Rezensionen zu "Simon: Roman"

  1. Plötzlich auf sich allein gestellt...

    Im Mittelpunkt des Romans von Miqui Otero mit dem Titel "Simón" steht das Aufwachsen Simóns inmitten von Barcelona. Simón ist relativ auf sich gestellt, denn er wächst inmitten eines Lokals auf, das die stets beschäftigten Eltern führen. Was sie ihm nicht sein können, nämlich eine prägende Bezugspersonen mit Zeit für ihn, das ist ihm sein älterer Cousin Rico. Dieser bringt ihm vom wöchentlichen Sonntags-Flohmarkt stets einen Abenteuerroman mit und weiht ihn auf diese Weise in die Welt der Literatur ein, aus deren Reichtum er auch gerne zitiert. Dies schweißt die Beiden, Simón und Rico, fest zusammen.

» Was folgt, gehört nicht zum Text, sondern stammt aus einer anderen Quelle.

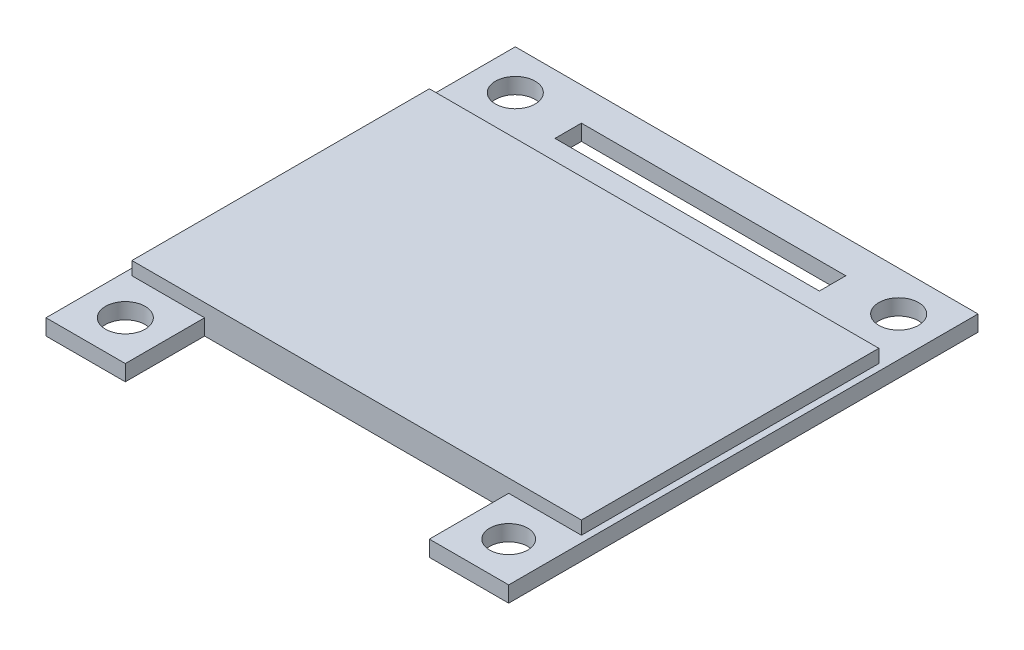
ISO-10303-21;
HEADER;
FILE_DESCRIPTION(('STEP AP214'),'2;1');
FILE_NAME('part.step','',(''),(''),'','','');
FILE_SCHEMA(('AUTOMOTIVE_DESIGN { 1 0 10303 214 1 1 1 1 }'));
ENDSEC;
DATA;
#1=APPLICATION_CONTEXT('core data for automotive mechanical design processes');
#2=APPLICATION_PROTOCOL_DEFINITION('international standard','automotive_design',2000,#1);
#3=PRODUCT_CONTEXT('',#1,'mechanical');
#4=PRODUCT('Part','Part','',(#3));
#5=PRODUCT_RELATED_PRODUCT_CATEGORY('part','',(#4));
#6=PRODUCT_DEFINITION_FORMATION('','',#4);
#7=PRODUCT_DEFINITION_CONTEXT('part definition',#1,'design');
#8=PRODUCT_DEFINITION('design','',#6,#7);
#9=PRODUCT_DEFINITION_SHAPE('','',#8);
#10=(LENGTH_UNIT() NAMED_UNIT(*) SI_UNIT(.MILLI.,.METRE.));
#11=(NAMED_UNIT(*) PLANE_ANGLE_UNIT() SI_UNIT($,.RADIAN.));
#12=(NAMED_UNIT(*) SI_UNIT($,.STERADIAN.) SOLID_ANGLE_UNIT());
#13=UNCERTAINTY_MEASURE_WITH_UNIT(LENGTH_MEASURE(1.E-05),#10,'distance_accuracy_value','');
#14=(GEOMETRIC_REPRESENTATION_CONTEXT(3) GLOBAL_UNCERTAINTY_ASSIGNED_CONTEXT((#13)) GLOBAL_UNIT_ASSIGNED_CONTEXT((#10,
#11,#12)) REPRESENTATION_CONTEXT('',''));
#15=CARTESIAN_POINT('',(0.,0.,0.));
#16=DIRECTION('',(0.,0.,1.));
#17=DIRECTION('',(1.,0.,0.));
#18=AXIS2_PLACEMENT_3D('',#15,#16,#17);
#19=CARTESIAN_POINT('',(0.,1.2,-27.));
#20=DIRECTION('',(0.,0.,-1.));
#21=DIRECTION('',(-1.,0.,0.));
#22=AXIS2_PLACEMENT_3D('',#19,#20,#21);
#23=PLANE('',#22);
#24=DIRECTION('',(1.,0.,0.));
#25=VECTOR('',#24,1.);
#26=CARTESIAN_POINT('',(0.,0.,-27.));
#27=LINE('',#26,#25);
#28=CARTESIAN_POINT('',(7.49999999999999,0.,-27.));
#29=VERTEX_POINT('',#28);
#30=CARTESIAN_POINT('',(27.5,0.,-27.));
#31=VERTEX_POINT('',#30);
#32=EDGE_CURVE('E206',#29,#31,#27,.T.);
#33=ORIENTED_EDGE('',*,*,#32,.T.);
#34=DIRECTION('',(0.,-1.,0.));
#35=VECTOR('',#34,1.);
#36=CARTESIAN_POINT('',(27.5,1.2,-27.));
#37=LINE('',#36,#35);
#38=CARTESIAN_POINT('',(27.5,1.2,-27.));
#39=VERTEX_POINT('',#38);
#40=EDGE_CURVE('E11',#39,#31,#37,.T.);
#41=ORIENTED_EDGE('',*,*,#40,.F.);
#42=DIRECTION('',(1.,0.,0.));
#43=VECTOR('',#42,1.);
#44=CARTESIAN_POINT('',(0.,1.2,-27.));
#45=LINE('',#44,#43);
#46=CARTESIAN_POINT('',(7.49999999999999,1.2,-27.));
#47=VERTEX_POINT('',#46);
#48=EDGE_CURVE('E140',#47,#39,#45,.T.);
#49=ORIENTED_EDGE('',*,*,#48,.F.);
#50=DIRECTION('',(0.,-1.,0.));
#51=VECTOR('',#50,1.);
#52=CARTESIAN_POINT('',(7.49999999999999,1.2,-27.));
#53=LINE('',#52,#51);
#54=EDGE_CURVE('E59',#47,#29,#53,.T.);
#55=ORIENTED_EDGE('',*,*,#54,.T.);
#56=EDGE_LOOP('',(#33,#41,#49,#55));
#57=FACE_BOUND('',#56,.T.);
#58=ADVANCED_FACE('F39',(#57),#23,.F.);
#59=CARTESIAN_POINT('',(27.5,1.2,0.));
#60=DIRECTION('',(1.,0.,0.));
#61=DIRECTION('',(0.,0.,-1.));
#62=AXIS2_PLACEMENT_3D('',#59,#60,#61);
#63=PLANE('',#62);
#64=DIRECTION('',(0.,0.,1.));
#65=VECTOR('',#64,1.);
#66=CARTESIAN_POINT('',(27.5,0.,0.));
#67=LINE('',#66,#65);
#68=CARTESIAN_POINT('',(27.5,0.,-25.));
#69=VERTEX_POINT('',#68);
#70=EDGE_CURVE('E147',#31,#69,#67,.T.);
#71=ORIENTED_EDGE('',*,*,#70,.T.);
#72=DIRECTION('',(0.,-1.,0.));
#73=VECTOR('',#72,1.);
#74=CARTESIAN_POINT('',(27.5,1.2,-25.));
#75=LINE('',#74,#73);
#76=CARTESIAN_POINT('',(27.5,1.2,-25.));
#77=VERTEX_POINT('',#76);
#78=EDGE_CURVE('E50',#77,#69,#75,.T.);
#79=ORIENTED_EDGE('',*,*,#78,.F.);
#80=DIRECTION('',(0.,0.,1.));
#81=VECTOR('',#80,1.);
#82=CARTESIAN_POINT('',(27.5,1.2,0.));
#83=LINE('',#82,#81);
#84=EDGE_CURVE('E133',#39,#77,#83,.T.);
#85=ORIENTED_EDGE('',*,*,#84,.F.);
#86=ORIENTED_EDGE('',*,*,#40,.T.);
#87=EDGE_LOOP('',(#71,#79,#85,#86));
#88=FACE_BOUND('',#87,.T.);
#89=ADVANCED_FACE('F146',(#88),#63,.F.);
#90=CARTESIAN_POINT('',(0.,1.2,-25.));
#91=DIRECTION('',(0.,0.,-1.));
#92=DIRECTION('',(-1.,0.,0.));
#93=AXIS2_PLACEMENT_3D('',#90,#91,#92);
#94=PLANE('',#93);
#95=DIRECTION('',(1.,0.,0.));
#96=VECTOR('',#95,1.);
#97=CARTESIAN_POINT('',(0.,0.,-25.));
#98=LINE('',#97,#96);
#99=CARTESIAN_POINT('',(7.49999999999999,0.,-25.));
#100=VERTEX_POINT('',#99);
#101=EDGE_CURVE('E211',#100,#69,#98,.T.);
#102=ORIENTED_EDGE('',*,*,#101,.F.);
#103=DIRECTION('',(0.,-1.,0.));
#104=VECTOR('',#103,1.);
#105=CARTESIAN_POINT('',(7.49999999999999,1.2,-25.));
#106=LINE('',#105,#104);
#107=CARTESIAN_POINT('',(7.49999999999999,1.2,-25.));
#108=VERTEX_POINT('',#107);
#109=EDGE_CURVE('E95',#108,#100,#106,.T.);
#110=ORIENTED_EDGE('',*,*,#109,.F.);
#111=DIRECTION('',(1.,0.,0.));
#112=VECTOR('',#111,1.);
#113=CARTESIAN_POINT('',(0.,1.2,-25.));
#114=LINE('',#113,#112);
#115=EDGE_CURVE('E139',#108,#77,#114,.T.);
#116=ORIENTED_EDGE('',*,*,#115,.T.);
#117=ORIENTED_EDGE('',*,*,#78,.T.);
#118=EDGE_LOOP('',(#102,#110,#116,#117));
#119=FACE_BOUND('',#118,.T.);
#120=ADVANCED_FACE('F152',(#119),#94,.T.);
#121=CARTESIAN_POINT('',(29.,1.2,0.));
#122=DIRECTION('',(1.,0.,0.));
#123=DIRECTION('',(0.,0.,-1.));
#124=AXIS2_PLACEMENT_3D('',#121,#122,#123);
#125=PLANE('',#124);
#126=DIRECTION('',(0.,0.,1.));
#127=VECTOR('',#126,1.);
#128=CARTESIAN_POINT('',(29.,0.,0.));
#129=LINE('',#128,#127);
#130=CARTESIAN_POINT('',(29.,0.,0.));
#131=VERTEX_POINT('',#130);
#132=CARTESIAN_POINT('',(29.,0.,6.));
#133=VERTEX_POINT('',#132);
#134=EDGE_CURVE('E169',#131,#133,#129,.T.);
#135=ORIENTED_EDGE('',*,*,#134,.T.);
#136=DIRECTION('',(0.,-1.,0.));
#137=VECTOR('',#136,1.);
#138=CARTESIAN_POINT('',(29.,1.2,6.));
#139=LINE('',#138,#137);
#140=CARTESIAN_POINT('',(29.,1.2,6.));
#141=VERTEX_POINT('',#140);
#142=EDGE_CURVE('E244',#141,#133,#139,.T.);
#143=ORIENTED_EDGE('',*,*,#142,.F.);
#144=DIRECTION('',(0.,0.,1.));
#145=VECTOR('',#144,1.);
#146=CARTESIAN_POINT('',(29.,1.2,0.));
#147=LINE('',#146,#145);
#148=CARTESIAN_POINT('',(29.,1.2,0.));
#149=VERTEX_POINT('',#148);
#150=EDGE_CURVE('E108',#149,#141,#147,.T.);
#151=ORIENTED_EDGE('',*,*,#150,.F.);
#152=DIRECTION('',(0.,-1.,0.));
#153=VECTOR('',#152,1.);
#154=CARTESIAN_POINT('',(29.,1.2,0.));
#155=LINE('',#154,#153);
#156=EDGE_CURVE('E43',#149,#131,#155,.T.);
#157=ORIENTED_EDGE('',*,*,#156,.T.);
#158=EDGE_LOOP('',(#135,#143,#151,#157));
#159=FACE_BOUND('',#158,.T.);
#160=ADVANCED_FACE('F255',(#159),#125,.F.);
#161=CARTESIAN_POINT('',(0.,1.2,6.00000000000001));
#162=DIRECTION('',(0.,0.,1.));
#163=DIRECTION('',(1.,0.,0.));
#164=AXIS2_PLACEMENT_3D('',#161,#162,#163);
#165=PLANE('',#164);
#166=DIRECTION('',(-1.,0.,0.));
#167=VECTOR('',#166,1.);
#168=CARTESIAN_POINT('',(0.,0.,6.00000000000001));
#169=LINE('',#168,#167);
#170=CARTESIAN_POINT('',(35.,0.,6.));
#171=VERTEX_POINT('',#170);
#172=EDGE_CURVE('E174',#171,#133,#169,.T.);
#173=ORIENTED_EDGE('',*,*,#172,.F.);
#174=DIRECTION('',(0.,-1.,0.));
#175=VECTOR('',#174,1.);
#176=CARTESIAN_POINT('',(35.,1.2,6.));
#177=LINE('',#176,#175);
#178=CARTESIAN_POINT('',(35.,1.2,6.));
#179=VERTEX_POINT('',#178);
#180=EDGE_CURVE('E242',#179,#171,#177,.T.);
#181=ORIENTED_EDGE('',*,*,#180,.F.);
#182=DIRECTION('',(-1.,0.,0.));
#183=VECTOR('',#182,1.);
#184=CARTESIAN_POINT('',(0.,1.2,6.00000000000001));
#185=LINE('',#184,#183);
#186=EDGE_CURVE('E269',#179,#141,#185,.T.);
#187=ORIENTED_EDGE('',*,*,#186,.T.);
#188=ORIENTED_EDGE('',*,*,#142,.T.);
#189=EDGE_LOOP('',(#173,#181,#187,#188));
#190=FACE_BOUND('',#189,.T.);
#191=ADVANCED_FACE('F268',(#190),#165,.T.);
#192=CARTESIAN_POINT('',(35.,1.2,0.));
#193=DIRECTION('',(1.,0.,0.));
#194=DIRECTION('',(0.,0.,-1.));
#195=AXIS2_PLACEMENT_3D('',#192,#193,#194);
#196=PLANE('',#195);
#197=DIRECTION('',(0.,0.,1.));
#198=VECTOR('',#197,1.);
#199=CARTESIAN_POINT('',(35.,0.,0.));
#200=LINE('',#199,#198);
#201=CARTESIAN_POINT('',(35.,0.,-29.5));
#202=VERTEX_POINT('',#201);
#203=EDGE_CURVE('E178',#202,#171,#200,.T.);
#204=ORIENTED_EDGE('',*,*,#203,.F.);
#205=DIRECTION('',(0.,-1.,0.));
#206=VECTOR('',#205,1.);
#207=CARTESIAN_POINT('',(35.,1.2,-29.5));
#208=LINE('',#207,#206);
#209=CARTESIAN_POINT('',(35.,1.2,-29.5));
#210=VERTEX_POINT('',#209);
#211=EDGE_CURVE('E239',#210,#202,#208,.T.);
#212=ORIENTED_EDGE('',*,*,#211,.F.);
#213=DIRECTION('',(0.,0.,1.));
#214=VECTOR('',#213,1.);
#215=CARTESIAN_POINT('',(35.,1.2,0.));
#216=LINE('',#215,#214);
#217=EDGE_CURVE('E275',#210,#179,#216,.T.);
#218=ORIENTED_EDGE('',*,*,#217,.T.);
#219=ORIENTED_EDGE('',*,*,#180,.T.);
#220=EDGE_LOOP('',(#204,#212,#218,#219));
#221=FACE_BOUND('',#220,.T.);
#222=ADVANCED_FACE('F279',(#221),#196,.T.);
#223=CARTESIAN_POINT('',(0.,1.2,-29.5));
#224=DIRECTION('',(0.,0.,-1.));
#225=DIRECTION('',(-1.,0.,0.));
#226=AXIS2_PLACEMENT_3D('',#223,#224,#225);
#227=PLANE('',#226);
#228=DIRECTION('',(1.,0.,0.));
#229=VECTOR('',#228,1.);
#230=CARTESIAN_POINT('',(0.,0.,-29.5));
#231=LINE('',#230,#229);
#232=CARTESIAN_POINT('',(0.,0.,-29.5));
#233=VERTEX_POINT('',#232);
#234=EDGE_CURVE('E182',#233,#202,#231,.T.);
#235=ORIENTED_EDGE('',*,*,#234,.F.);
#236=DIRECTION('',(0.,-1.,0.));
#237=VECTOR('',#236,1.);
#238=CARTESIAN_POINT('',(0.,1.2,-29.5));
#239=LINE('',#238,#237);
#240=CARTESIAN_POINT('',(0.,1.2,-29.5));
#241=VERTEX_POINT('',#240);
#242=EDGE_CURVE('E236',#241,#233,#239,.T.);
#243=ORIENTED_EDGE('',*,*,#242,.F.);
#244=DIRECTION('',(1.,0.,0.));
#245=VECTOR('',#244,1.);
#246=CARTESIAN_POINT('',(0.,1.2,-29.5));
#247=LINE('',#246,#245);
#248=EDGE_CURVE('E281',#241,#210,#247,.T.);
#249=ORIENTED_EDGE('',*,*,#248,.T.);
#250=ORIENTED_EDGE('',*,*,#211,.T.);
#251=EDGE_LOOP('',(#235,#243,#249,#250));
#252=FACE_BOUND('',#251,.T.);
#253=ADVANCED_FACE('F368',(#252),#227,.T.);
#254=CARTESIAN_POINT('',(0.,1.2,0.));
#255=DIRECTION('',(-1.,0.,0.));
#256=DIRECTION('',(0.,0.,1.));
#257=AXIS2_PLACEMENT_3D('',#254,#255,#256);
#258=PLANE('',#257);
#259=DIRECTION('',(0.,0.,-1.));
#260=VECTOR('',#259,1.);
#261=CARTESIAN_POINT('',(0.,0.,0.));
#262=LINE('',#261,#260);
#263=CARTESIAN_POINT('',(0.,0.,6.));
#264=VERTEX_POINT('',#263);
#265=EDGE_CURVE('E186',#264,#233,#262,.T.);
#266=ORIENTED_EDGE('',*,*,#265,.F.);
#267=DIRECTION('',(0.,-1.,0.));
#268=VECTOR('',#267,1.);
#269=CARTESIAN_POINT('',(0.,1.2,6.));
#270=LINE('',#269,#268);
#271=CARTESIAN_POINT('',(0.,1.2,6.));
#272=VERTEX_POINT('',#271);
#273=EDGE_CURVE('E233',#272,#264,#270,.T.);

    In Rezensionen, die ich las, wird oft auf andere Werke Bezug genommen und vergleichen: So wird aufgrund der Bedeutung der Stadt Barcelona und ihrer Historie sowie der Allgegenwart von Büchern eine Parallele zu Zafon's Büchern gezogen. Auch ich dachte zum Beispiel unmittelbar an Moehringers Roman "Tender Bar", wo ebenfalls ein Junge im Kontext eines Lokals aufwächst. Ich denke, solche Vergleiche stehen einer unvoreingenommenen Lektüre von Otero's Buch im Weg. Man tendiert oft zu vergleichen, was eigentlich unvergleichlich ist. Otero's Roman hat eine ganz eigene Stimme, man muss sich auf sie einlassen können und vielleicht auch den Mut haben, sich treiben zu lassen ohne klar erkennbaren Zielpunkt.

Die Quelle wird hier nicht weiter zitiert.